WORK TASK:
Print exactly the lines below between the line holding "#11,#12)) REPRESENTATION_CONTEXT('',''));" and the line holding "#25=DIRECTION('',(0.,0.,1.));", inclusive, and nothing more.

[Stored items from a collection]
= = = = = = =

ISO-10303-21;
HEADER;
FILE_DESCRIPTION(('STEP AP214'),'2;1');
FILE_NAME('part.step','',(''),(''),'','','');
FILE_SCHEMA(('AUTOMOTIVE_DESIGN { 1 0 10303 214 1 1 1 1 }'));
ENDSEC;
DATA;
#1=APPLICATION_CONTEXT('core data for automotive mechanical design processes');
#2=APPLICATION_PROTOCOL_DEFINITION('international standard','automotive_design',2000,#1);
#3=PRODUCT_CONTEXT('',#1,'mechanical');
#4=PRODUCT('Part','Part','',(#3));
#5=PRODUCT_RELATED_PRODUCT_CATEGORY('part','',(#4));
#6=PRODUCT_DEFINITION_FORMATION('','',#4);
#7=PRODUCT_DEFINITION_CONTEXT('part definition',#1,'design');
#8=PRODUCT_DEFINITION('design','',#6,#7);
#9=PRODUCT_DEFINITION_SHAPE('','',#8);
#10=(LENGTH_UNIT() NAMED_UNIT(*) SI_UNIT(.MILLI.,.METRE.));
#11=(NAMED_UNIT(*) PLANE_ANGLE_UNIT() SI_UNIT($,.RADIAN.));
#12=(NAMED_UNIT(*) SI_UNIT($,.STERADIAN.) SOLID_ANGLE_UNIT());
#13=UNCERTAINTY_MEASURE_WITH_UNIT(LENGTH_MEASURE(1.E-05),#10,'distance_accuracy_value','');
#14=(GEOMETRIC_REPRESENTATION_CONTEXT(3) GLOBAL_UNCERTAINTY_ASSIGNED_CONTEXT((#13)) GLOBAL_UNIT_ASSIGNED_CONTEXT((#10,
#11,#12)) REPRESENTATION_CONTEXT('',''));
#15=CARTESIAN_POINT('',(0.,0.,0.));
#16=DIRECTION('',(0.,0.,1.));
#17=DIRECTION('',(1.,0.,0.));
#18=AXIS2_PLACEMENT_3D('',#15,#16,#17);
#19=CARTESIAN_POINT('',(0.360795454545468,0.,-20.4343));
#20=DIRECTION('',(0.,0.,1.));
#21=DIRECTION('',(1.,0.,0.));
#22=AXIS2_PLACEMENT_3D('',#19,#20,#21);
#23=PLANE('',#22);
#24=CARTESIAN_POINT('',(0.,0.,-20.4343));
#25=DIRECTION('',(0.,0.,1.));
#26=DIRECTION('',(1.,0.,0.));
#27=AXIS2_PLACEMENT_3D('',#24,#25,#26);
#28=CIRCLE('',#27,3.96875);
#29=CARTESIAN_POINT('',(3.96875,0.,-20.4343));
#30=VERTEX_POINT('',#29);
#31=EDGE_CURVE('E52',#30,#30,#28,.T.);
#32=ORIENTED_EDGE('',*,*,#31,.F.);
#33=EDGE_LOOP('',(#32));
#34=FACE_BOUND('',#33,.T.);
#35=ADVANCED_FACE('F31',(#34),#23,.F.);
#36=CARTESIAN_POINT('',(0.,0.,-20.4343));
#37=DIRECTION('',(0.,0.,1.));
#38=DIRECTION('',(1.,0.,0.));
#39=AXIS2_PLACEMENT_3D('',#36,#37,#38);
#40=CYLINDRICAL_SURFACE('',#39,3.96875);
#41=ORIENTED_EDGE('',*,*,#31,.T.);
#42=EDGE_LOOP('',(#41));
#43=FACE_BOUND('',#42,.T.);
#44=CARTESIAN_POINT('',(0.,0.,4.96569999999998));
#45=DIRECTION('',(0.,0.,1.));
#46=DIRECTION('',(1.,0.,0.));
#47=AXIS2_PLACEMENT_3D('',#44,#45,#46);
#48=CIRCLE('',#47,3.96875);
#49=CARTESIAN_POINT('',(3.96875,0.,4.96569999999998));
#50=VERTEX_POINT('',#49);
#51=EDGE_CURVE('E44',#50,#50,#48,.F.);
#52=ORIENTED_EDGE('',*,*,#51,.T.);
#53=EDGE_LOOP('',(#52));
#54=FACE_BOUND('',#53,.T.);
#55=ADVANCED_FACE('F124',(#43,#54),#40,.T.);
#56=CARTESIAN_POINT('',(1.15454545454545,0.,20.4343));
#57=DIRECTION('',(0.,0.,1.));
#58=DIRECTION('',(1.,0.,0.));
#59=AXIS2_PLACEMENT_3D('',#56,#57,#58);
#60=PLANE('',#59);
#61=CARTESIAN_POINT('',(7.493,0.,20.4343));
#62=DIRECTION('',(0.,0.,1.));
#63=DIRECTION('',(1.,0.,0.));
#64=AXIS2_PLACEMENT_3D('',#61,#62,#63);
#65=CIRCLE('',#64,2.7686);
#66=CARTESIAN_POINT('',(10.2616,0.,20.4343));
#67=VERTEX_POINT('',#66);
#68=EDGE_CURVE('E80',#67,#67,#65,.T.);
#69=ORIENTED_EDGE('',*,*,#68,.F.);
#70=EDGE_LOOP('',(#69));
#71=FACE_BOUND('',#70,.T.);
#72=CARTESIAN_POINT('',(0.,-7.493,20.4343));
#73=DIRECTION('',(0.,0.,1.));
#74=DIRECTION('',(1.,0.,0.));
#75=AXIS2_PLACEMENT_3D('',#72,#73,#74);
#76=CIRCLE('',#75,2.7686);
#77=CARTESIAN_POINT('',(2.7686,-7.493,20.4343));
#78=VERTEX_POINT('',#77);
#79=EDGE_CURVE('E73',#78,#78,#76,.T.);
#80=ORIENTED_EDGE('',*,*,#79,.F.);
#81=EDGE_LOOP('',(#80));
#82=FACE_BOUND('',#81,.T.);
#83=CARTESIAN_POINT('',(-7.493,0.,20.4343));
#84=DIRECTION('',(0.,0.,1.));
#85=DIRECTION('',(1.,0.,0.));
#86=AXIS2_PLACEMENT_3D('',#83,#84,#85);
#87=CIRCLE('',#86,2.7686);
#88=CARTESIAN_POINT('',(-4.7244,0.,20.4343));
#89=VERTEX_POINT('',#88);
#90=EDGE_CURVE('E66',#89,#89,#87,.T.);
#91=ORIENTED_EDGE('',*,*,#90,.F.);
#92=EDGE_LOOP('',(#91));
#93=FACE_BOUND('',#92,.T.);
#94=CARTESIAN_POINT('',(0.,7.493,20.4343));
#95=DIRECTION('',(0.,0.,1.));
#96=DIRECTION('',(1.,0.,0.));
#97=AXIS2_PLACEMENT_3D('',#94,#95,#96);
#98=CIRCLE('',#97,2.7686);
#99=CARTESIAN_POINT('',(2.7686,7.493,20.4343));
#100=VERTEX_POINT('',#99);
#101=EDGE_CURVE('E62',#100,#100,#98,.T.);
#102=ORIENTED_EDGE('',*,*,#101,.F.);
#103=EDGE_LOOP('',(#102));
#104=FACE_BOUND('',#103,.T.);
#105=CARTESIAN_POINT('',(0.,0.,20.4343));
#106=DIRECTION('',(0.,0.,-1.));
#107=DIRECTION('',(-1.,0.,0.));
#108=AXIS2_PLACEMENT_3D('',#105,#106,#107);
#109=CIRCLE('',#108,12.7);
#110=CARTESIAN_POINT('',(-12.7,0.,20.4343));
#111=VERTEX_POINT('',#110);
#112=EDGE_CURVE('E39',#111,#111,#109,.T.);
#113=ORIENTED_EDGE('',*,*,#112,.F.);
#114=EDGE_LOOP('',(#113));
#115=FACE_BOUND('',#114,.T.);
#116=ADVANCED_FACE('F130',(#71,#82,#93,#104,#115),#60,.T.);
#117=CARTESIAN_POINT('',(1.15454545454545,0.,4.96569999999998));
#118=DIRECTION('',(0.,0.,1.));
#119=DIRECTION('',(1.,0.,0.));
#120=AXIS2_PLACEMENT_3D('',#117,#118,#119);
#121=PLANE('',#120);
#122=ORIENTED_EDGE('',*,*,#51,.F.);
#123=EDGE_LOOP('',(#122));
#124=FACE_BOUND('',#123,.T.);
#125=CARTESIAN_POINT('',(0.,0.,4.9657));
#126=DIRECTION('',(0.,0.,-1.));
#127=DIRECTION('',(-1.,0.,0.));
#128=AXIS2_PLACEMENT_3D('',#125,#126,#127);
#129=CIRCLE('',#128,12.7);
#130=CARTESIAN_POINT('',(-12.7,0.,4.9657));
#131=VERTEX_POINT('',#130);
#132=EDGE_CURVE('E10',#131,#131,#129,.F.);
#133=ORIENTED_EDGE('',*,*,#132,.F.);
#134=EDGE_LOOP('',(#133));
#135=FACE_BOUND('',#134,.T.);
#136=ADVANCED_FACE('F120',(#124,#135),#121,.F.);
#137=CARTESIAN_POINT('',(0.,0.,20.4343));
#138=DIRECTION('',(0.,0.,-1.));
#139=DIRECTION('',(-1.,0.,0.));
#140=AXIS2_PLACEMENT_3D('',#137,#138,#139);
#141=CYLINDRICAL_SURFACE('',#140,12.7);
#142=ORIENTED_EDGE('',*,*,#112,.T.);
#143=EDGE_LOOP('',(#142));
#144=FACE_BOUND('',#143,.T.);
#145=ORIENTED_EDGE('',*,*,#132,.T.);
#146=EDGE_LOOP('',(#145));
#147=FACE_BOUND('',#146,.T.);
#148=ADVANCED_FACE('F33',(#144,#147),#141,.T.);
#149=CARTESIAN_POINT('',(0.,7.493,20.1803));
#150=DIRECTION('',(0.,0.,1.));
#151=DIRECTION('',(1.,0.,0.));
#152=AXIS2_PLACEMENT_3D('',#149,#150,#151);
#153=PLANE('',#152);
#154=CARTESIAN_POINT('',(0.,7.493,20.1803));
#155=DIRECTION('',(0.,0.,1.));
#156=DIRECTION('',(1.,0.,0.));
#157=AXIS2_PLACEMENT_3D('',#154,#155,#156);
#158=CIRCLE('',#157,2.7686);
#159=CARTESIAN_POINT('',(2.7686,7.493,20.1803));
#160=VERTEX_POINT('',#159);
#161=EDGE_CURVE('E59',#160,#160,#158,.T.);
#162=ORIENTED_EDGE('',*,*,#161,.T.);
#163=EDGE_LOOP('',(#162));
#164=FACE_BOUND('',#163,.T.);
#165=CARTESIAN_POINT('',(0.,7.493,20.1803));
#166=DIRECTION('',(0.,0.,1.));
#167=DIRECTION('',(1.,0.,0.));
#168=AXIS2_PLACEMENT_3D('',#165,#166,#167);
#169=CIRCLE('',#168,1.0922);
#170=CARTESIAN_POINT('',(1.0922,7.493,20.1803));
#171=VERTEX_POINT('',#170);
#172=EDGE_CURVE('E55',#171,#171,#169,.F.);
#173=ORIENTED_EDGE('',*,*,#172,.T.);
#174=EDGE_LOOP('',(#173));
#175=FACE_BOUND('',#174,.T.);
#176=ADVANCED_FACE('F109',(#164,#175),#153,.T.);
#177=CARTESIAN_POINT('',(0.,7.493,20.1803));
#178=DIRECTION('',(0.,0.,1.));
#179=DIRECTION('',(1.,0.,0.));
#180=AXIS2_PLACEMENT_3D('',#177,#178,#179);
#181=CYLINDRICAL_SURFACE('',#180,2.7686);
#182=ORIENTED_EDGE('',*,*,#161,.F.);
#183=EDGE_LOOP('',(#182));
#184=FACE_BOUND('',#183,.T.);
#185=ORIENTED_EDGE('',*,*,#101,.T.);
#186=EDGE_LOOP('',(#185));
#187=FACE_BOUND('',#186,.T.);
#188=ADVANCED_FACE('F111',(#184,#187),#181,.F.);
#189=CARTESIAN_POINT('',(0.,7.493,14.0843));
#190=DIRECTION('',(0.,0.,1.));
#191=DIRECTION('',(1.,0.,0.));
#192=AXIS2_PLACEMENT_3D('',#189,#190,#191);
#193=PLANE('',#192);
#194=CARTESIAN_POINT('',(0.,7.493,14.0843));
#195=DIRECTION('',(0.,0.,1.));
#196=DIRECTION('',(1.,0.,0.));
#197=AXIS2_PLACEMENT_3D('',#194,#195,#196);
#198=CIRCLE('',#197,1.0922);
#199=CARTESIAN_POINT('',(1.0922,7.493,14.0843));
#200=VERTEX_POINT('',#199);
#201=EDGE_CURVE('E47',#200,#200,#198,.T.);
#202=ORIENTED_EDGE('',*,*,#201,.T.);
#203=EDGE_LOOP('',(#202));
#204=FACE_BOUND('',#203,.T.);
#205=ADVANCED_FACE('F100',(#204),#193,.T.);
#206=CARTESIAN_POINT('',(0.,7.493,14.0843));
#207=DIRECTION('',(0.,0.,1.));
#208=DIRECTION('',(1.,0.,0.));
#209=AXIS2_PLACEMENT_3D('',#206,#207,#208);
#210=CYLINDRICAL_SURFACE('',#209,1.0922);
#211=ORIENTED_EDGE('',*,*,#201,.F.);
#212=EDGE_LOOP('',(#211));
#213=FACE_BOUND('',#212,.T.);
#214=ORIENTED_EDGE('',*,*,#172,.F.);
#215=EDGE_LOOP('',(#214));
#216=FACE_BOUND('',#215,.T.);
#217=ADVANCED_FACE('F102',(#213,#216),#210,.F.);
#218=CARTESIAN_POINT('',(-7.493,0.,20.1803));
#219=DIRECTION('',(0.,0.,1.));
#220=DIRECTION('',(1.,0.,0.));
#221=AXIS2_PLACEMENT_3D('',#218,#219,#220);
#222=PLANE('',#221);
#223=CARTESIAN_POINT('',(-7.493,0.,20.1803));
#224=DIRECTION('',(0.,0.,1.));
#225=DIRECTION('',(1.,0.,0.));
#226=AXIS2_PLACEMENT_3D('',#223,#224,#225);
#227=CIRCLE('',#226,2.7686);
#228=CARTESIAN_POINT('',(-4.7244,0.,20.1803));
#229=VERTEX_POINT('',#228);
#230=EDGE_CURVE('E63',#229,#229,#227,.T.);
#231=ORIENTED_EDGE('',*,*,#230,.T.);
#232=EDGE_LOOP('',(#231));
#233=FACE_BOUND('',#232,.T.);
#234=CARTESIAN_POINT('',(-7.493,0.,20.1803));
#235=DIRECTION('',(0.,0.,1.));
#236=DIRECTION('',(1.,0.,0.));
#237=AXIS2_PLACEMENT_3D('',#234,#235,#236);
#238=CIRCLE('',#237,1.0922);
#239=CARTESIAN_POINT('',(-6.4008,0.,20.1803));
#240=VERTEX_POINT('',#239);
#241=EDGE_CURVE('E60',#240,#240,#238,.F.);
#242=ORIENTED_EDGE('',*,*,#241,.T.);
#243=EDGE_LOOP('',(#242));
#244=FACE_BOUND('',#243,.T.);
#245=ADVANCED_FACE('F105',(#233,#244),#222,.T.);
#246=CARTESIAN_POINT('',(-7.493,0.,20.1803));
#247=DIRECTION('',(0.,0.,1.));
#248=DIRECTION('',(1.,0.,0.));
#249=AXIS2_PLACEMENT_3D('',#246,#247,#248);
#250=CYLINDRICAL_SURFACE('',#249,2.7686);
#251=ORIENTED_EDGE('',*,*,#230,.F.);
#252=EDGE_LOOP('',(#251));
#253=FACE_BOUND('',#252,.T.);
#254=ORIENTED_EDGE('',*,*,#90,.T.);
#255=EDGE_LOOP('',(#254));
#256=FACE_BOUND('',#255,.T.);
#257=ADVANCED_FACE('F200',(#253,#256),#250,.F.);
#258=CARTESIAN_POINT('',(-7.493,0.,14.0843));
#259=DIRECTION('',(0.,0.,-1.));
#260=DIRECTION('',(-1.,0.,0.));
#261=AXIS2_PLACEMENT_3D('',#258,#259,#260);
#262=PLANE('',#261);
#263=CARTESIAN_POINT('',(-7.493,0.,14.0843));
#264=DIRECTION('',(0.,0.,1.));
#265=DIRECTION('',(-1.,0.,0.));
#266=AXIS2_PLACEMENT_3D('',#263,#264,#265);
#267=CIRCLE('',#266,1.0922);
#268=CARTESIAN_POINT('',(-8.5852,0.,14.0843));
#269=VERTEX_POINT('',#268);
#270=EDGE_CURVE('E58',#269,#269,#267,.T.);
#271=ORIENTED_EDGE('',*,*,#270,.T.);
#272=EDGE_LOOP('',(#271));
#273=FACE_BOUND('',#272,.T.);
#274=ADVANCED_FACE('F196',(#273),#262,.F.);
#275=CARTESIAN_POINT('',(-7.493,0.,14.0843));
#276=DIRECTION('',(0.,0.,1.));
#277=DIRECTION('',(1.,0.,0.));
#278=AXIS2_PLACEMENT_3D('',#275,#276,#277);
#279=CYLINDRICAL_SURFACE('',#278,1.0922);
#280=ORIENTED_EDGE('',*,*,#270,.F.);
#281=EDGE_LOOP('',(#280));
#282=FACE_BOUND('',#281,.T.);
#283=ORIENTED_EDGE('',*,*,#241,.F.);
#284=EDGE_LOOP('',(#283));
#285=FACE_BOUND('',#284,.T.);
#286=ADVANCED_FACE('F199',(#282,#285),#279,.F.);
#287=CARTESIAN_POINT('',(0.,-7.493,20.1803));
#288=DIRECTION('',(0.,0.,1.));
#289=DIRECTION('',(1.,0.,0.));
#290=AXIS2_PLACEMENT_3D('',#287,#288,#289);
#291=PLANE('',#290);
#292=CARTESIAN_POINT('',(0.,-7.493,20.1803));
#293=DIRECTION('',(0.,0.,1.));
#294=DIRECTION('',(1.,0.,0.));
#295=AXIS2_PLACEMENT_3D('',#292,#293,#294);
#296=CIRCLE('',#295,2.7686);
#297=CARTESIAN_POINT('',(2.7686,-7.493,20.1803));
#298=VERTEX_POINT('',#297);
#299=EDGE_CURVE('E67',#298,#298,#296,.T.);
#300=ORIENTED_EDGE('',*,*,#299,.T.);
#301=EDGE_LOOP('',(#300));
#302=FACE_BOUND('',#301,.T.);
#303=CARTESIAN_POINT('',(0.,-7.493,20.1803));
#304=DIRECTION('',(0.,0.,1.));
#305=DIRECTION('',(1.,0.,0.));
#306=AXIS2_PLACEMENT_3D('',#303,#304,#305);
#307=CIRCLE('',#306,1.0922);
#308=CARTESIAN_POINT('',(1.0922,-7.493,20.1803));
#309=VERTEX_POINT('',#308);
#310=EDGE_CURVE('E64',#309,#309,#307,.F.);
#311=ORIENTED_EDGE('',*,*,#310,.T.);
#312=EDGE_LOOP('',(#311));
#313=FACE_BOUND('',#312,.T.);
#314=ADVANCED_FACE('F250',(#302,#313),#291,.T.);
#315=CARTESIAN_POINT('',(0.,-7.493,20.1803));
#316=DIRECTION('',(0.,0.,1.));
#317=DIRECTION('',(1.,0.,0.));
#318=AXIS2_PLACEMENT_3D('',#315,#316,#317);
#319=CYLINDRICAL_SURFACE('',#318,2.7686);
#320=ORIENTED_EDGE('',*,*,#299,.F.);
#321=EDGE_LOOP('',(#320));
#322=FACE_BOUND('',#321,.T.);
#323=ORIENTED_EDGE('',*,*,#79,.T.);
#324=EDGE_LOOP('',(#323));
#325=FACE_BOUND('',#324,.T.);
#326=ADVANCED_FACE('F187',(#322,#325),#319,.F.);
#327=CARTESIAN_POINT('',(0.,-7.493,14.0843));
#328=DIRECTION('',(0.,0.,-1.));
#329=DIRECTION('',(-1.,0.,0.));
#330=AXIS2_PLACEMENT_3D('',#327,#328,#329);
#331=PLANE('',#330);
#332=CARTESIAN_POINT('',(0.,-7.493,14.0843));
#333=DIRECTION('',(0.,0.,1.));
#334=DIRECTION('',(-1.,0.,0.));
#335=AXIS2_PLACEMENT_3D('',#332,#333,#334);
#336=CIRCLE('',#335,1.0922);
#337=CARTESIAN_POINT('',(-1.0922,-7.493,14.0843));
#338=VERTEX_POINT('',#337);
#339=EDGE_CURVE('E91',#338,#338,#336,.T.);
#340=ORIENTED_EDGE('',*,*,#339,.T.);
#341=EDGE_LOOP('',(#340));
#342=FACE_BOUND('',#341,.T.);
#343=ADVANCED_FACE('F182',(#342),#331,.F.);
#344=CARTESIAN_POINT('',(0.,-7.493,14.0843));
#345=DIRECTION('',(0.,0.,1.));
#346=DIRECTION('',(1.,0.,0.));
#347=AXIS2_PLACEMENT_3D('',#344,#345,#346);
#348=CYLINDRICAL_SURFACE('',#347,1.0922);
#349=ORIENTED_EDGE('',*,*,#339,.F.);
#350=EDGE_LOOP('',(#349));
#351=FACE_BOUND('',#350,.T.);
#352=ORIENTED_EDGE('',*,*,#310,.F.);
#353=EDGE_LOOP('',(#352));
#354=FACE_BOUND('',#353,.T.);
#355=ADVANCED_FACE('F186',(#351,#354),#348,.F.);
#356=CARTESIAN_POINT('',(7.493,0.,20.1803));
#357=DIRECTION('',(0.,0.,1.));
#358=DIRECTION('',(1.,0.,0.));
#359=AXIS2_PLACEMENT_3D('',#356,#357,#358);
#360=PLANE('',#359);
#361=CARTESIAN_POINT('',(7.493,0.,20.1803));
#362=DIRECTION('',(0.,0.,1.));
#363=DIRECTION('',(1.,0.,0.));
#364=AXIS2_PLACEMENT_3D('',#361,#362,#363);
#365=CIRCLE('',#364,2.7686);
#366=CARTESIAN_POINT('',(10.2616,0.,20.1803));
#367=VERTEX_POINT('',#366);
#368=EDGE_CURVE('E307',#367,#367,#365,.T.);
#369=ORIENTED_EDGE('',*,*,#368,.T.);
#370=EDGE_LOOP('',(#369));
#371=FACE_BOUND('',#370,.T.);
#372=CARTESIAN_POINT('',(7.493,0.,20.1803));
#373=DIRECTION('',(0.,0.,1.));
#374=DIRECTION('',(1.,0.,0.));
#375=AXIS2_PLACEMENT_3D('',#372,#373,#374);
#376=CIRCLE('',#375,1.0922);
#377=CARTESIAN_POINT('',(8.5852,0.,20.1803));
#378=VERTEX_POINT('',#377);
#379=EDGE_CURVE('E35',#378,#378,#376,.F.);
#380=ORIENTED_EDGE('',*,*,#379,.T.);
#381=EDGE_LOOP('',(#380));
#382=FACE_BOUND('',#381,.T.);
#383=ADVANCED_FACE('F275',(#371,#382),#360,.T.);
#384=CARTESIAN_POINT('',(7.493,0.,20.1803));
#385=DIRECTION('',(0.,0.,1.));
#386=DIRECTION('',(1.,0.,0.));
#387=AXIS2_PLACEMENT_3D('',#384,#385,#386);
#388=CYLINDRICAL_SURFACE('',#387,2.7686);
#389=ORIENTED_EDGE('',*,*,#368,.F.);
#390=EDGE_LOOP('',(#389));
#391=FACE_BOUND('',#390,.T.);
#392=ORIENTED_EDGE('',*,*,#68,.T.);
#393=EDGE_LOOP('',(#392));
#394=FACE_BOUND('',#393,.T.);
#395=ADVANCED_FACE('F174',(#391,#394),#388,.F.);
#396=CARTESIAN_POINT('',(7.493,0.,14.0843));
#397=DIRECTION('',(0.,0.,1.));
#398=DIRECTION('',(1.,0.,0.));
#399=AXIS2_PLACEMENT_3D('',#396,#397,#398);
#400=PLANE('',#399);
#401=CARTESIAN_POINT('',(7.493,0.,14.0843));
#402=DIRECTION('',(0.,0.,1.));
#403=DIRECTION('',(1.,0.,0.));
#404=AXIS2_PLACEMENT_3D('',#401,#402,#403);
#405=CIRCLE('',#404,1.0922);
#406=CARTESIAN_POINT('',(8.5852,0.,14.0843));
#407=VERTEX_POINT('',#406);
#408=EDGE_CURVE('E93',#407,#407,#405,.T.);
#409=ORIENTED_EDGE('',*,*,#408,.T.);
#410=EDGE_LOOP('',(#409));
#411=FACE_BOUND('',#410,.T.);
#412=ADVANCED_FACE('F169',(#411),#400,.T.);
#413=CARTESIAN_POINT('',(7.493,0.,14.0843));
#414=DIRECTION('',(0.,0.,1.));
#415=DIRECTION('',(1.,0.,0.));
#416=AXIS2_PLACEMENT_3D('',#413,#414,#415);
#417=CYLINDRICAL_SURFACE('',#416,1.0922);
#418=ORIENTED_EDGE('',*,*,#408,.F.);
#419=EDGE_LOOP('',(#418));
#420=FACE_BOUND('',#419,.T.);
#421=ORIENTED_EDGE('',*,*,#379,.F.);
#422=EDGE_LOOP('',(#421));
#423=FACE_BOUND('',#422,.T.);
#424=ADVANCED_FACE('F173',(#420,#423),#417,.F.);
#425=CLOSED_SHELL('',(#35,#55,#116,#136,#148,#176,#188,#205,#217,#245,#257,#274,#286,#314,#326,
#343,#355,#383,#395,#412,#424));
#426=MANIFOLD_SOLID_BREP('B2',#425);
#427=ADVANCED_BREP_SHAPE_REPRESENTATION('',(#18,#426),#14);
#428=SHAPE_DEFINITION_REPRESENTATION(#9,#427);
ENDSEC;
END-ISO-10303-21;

= = = = = = =

EXERCISE RESULT:
#11,#12)) REPRESENTATION_CONTEXT('',''));
#15=CARTESIAN_POINT('',(0.,0.,0.));
#16=DIRECTION('',(0.,0.,1.));
#17=DIRECTION('',(1.,0.,0.));
#18=AXIS2_PLACEMENT_3D('',#15,#16,#17);
#19=CARTESIAN_POINT('',(0.360795454545468,0.,-20.4343));
#20=DIRECTION('',(0.,0.,1.));
#21=DIRECTION('',(1.,0.,0.));
#22=AXIS2_PLACEMENT_3D('',#19,#20,#21);
#23=PLANE('',#22);
#24=CARTESIAN_POINT('',(0.,0.,-20.4343));
#25=DIRECTION('',(0.,0.,1.));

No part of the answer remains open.